TASK INPUTS:

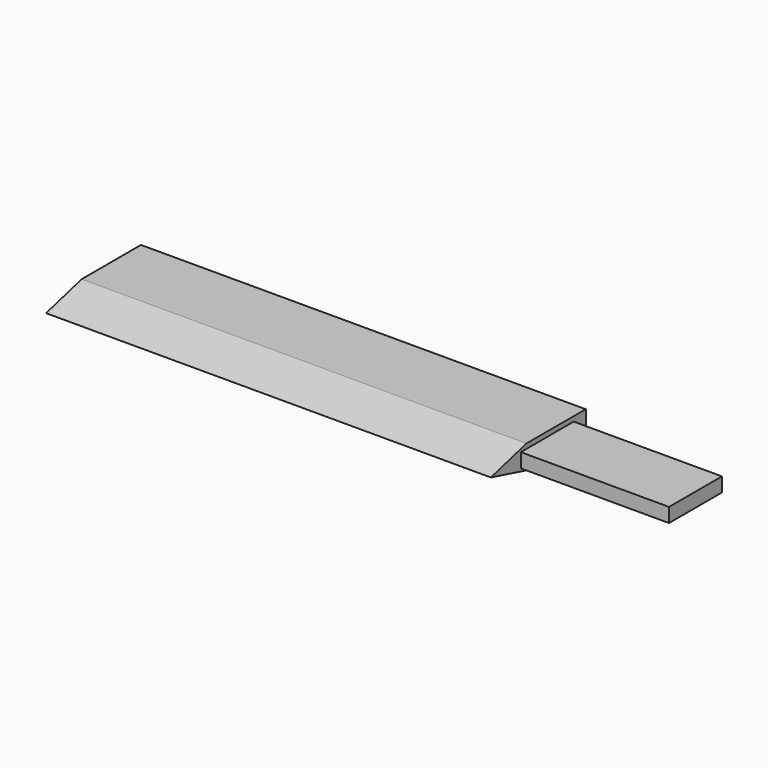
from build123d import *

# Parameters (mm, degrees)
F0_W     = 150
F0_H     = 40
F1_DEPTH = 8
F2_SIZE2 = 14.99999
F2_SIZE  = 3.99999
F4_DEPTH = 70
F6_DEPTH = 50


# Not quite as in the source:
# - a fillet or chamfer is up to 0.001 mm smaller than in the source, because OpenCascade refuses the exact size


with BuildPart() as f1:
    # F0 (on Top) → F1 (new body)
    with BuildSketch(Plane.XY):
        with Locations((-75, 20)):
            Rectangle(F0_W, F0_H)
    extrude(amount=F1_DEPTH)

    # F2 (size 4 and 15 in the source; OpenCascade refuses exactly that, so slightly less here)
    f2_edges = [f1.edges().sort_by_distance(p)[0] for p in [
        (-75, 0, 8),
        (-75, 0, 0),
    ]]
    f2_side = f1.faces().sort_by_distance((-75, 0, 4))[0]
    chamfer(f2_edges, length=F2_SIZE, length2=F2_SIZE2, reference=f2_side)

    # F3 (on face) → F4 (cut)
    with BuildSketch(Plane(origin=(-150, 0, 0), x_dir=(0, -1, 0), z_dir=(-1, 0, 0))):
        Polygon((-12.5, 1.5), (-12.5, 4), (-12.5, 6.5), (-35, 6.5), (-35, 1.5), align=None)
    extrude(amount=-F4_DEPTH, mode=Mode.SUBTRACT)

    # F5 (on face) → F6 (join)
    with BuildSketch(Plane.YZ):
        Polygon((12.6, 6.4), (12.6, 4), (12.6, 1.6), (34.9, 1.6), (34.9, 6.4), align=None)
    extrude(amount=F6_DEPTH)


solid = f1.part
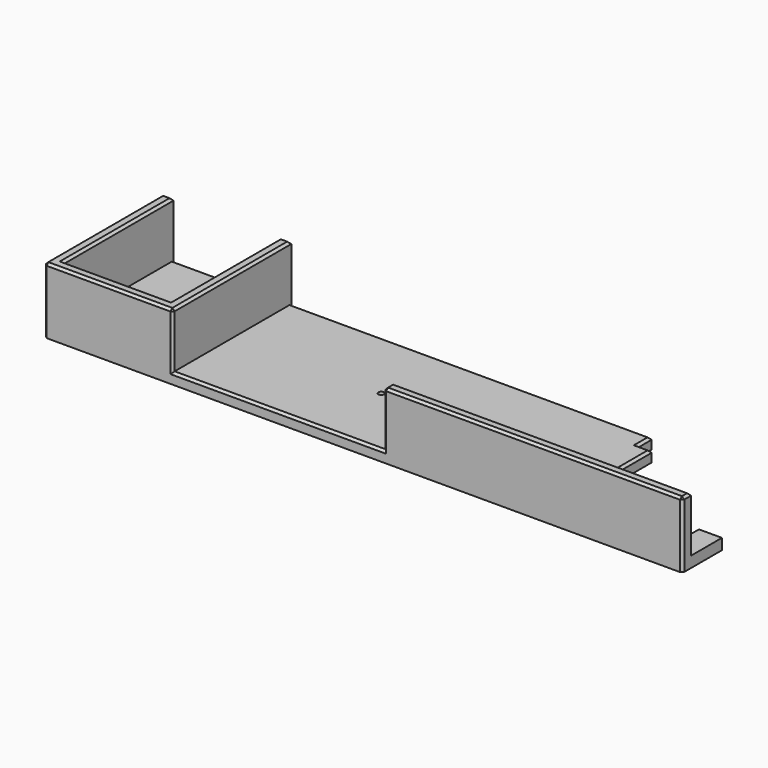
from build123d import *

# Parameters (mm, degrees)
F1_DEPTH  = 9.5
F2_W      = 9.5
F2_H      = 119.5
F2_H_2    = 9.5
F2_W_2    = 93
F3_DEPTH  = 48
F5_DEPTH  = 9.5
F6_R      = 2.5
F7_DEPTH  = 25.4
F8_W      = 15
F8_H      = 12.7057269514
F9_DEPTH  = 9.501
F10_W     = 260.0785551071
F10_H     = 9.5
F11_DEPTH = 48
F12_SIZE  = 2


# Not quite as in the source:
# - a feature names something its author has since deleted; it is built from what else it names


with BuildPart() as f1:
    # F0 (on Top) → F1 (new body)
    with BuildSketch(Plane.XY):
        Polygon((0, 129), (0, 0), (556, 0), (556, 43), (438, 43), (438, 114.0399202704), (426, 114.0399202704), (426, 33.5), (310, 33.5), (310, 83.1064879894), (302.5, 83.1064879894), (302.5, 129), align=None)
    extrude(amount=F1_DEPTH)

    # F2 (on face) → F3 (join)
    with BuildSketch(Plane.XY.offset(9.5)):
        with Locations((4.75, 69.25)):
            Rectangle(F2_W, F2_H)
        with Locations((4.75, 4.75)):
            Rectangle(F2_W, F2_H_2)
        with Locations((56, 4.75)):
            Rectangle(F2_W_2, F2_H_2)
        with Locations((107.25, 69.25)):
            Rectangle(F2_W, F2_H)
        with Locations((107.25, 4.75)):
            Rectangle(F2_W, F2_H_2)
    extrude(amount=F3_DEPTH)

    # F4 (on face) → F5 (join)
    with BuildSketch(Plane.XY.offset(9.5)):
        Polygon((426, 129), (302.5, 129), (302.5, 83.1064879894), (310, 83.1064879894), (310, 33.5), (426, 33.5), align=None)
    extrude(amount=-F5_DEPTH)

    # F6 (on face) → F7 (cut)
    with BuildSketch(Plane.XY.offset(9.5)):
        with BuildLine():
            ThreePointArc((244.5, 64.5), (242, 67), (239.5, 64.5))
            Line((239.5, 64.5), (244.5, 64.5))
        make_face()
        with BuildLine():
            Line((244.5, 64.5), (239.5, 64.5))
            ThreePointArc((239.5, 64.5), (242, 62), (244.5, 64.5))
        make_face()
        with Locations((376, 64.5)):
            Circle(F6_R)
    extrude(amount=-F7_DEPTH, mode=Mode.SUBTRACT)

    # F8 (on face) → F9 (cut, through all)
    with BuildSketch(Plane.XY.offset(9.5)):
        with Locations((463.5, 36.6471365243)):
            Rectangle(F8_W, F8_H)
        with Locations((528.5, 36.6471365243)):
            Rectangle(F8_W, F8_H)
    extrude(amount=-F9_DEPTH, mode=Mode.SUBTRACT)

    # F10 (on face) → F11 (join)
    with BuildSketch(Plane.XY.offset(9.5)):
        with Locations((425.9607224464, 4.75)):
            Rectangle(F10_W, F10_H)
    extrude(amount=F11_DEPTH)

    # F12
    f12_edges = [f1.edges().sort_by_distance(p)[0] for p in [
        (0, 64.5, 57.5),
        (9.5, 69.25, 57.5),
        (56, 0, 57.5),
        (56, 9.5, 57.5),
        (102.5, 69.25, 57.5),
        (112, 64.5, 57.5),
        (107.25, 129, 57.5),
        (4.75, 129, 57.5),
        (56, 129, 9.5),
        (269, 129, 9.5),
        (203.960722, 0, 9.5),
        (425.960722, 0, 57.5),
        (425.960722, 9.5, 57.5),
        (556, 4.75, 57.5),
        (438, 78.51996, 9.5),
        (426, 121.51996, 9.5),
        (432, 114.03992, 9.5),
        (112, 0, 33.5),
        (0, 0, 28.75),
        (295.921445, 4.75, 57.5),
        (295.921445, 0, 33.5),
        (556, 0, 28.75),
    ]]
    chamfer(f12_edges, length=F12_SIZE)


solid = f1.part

EXERCISE OBJECTIVE: Look through the data above and return each line where the string "SUBTRACT" occurs.

RESPONSE AREA:
    extrude(amount=-F4_DEPTH, mode=Mode.SUBTRACT)
    extrude(amount=-F7_DEPTH, mode=Mode.SUBTRACT)
    extrude(amount=-F9_DEPTH, mode=Mode.SUBTRACT)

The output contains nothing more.